- PROBLEM DESCRIPTION:
This exercise asks for a copy of each line in the records below with the word "source" in it.

***

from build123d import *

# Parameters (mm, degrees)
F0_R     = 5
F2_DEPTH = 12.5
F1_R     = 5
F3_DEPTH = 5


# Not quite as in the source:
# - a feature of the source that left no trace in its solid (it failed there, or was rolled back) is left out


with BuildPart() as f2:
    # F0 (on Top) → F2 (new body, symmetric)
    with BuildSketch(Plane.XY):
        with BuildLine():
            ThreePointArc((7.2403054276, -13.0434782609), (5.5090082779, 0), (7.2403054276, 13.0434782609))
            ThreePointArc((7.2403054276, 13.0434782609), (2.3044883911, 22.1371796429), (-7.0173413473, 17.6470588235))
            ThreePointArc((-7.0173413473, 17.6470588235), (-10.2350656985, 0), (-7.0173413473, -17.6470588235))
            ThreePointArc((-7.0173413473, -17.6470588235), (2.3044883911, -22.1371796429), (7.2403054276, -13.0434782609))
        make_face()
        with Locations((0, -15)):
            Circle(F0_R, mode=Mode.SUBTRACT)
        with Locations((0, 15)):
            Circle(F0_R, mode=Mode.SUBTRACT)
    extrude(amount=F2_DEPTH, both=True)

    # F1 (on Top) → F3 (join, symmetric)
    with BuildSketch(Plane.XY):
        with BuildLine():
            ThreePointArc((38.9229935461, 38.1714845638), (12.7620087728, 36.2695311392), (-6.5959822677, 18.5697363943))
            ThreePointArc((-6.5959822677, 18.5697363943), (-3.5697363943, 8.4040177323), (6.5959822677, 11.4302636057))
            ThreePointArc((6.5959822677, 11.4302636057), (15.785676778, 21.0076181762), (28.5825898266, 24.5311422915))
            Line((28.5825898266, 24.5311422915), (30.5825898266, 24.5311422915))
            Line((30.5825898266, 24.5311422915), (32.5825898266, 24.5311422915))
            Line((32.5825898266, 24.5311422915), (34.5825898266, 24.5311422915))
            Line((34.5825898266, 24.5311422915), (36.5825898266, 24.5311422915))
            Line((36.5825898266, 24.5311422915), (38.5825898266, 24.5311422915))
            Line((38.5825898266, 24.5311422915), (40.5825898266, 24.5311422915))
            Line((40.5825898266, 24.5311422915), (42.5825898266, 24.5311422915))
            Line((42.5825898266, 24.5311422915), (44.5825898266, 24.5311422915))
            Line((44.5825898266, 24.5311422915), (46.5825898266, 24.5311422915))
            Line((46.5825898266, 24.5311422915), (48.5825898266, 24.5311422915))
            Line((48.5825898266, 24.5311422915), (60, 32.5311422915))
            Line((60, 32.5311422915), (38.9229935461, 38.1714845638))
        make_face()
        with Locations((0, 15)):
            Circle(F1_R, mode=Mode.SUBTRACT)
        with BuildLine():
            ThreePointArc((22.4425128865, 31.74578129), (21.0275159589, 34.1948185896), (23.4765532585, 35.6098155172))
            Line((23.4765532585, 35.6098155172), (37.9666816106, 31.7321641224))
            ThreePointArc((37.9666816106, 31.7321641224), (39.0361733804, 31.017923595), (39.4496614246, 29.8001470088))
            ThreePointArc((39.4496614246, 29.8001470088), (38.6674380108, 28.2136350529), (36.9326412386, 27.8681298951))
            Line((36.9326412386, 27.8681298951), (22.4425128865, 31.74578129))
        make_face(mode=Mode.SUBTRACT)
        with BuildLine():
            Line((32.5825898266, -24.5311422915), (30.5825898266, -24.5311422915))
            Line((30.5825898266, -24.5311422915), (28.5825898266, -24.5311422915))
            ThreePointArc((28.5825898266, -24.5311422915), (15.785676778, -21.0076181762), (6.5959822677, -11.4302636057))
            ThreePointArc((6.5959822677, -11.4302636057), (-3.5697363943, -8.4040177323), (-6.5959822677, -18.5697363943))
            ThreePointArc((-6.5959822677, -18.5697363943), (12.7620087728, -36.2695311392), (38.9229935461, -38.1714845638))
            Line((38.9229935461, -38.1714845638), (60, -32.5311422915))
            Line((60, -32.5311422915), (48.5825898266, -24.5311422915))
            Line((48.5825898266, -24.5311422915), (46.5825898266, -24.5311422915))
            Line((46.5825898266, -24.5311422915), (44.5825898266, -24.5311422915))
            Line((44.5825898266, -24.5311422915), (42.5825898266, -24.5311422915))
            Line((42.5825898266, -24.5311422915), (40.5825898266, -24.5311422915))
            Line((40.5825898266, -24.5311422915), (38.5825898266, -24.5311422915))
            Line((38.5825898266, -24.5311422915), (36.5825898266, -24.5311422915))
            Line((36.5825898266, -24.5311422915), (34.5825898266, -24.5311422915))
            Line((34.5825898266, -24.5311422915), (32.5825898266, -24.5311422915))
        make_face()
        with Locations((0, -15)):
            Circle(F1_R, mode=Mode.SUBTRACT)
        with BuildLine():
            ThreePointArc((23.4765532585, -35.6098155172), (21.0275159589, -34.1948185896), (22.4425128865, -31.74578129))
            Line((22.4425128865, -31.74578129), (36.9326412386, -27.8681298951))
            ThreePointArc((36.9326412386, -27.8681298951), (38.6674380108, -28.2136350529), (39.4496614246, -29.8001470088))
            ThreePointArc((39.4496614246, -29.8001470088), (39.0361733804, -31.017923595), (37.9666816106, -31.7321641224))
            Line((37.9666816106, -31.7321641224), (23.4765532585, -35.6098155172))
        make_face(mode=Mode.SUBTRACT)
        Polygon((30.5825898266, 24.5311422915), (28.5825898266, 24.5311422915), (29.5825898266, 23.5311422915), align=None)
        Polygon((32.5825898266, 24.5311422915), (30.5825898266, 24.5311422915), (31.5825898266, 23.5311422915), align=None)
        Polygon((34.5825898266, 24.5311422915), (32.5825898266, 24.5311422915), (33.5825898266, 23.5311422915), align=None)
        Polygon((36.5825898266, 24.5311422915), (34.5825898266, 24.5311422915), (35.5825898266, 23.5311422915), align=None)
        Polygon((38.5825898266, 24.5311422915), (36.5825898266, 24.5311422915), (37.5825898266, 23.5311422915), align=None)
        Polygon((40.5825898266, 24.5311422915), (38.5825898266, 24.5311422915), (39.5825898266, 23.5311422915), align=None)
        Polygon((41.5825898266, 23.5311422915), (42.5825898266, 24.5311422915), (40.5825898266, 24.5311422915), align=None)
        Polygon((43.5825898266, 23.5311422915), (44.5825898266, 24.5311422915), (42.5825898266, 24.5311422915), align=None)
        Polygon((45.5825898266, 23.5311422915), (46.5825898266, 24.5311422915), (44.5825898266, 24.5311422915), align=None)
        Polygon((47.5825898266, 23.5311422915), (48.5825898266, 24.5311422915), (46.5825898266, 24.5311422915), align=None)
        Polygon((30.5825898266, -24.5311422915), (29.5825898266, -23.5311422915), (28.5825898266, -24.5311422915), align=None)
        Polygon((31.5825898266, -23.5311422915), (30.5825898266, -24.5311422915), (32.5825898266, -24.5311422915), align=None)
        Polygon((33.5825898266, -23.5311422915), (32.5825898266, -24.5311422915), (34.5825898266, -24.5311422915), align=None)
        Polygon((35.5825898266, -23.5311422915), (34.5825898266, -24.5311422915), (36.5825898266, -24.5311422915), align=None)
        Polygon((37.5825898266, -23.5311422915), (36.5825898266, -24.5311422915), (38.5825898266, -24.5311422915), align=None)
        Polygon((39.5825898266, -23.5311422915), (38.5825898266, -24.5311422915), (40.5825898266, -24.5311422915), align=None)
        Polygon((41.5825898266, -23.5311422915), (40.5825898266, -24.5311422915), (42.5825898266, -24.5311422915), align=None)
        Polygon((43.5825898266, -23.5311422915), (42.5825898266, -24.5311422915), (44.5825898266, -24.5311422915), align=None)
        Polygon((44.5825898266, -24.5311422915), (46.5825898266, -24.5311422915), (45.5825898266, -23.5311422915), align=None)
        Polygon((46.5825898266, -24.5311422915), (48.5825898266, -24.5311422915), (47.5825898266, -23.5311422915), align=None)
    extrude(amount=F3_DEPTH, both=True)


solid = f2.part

***

- ANSWER SECTION:
# Not quite as in the source:
# - a feature of the source that left no trace in its solid (it failed there, or was rolled back) is left out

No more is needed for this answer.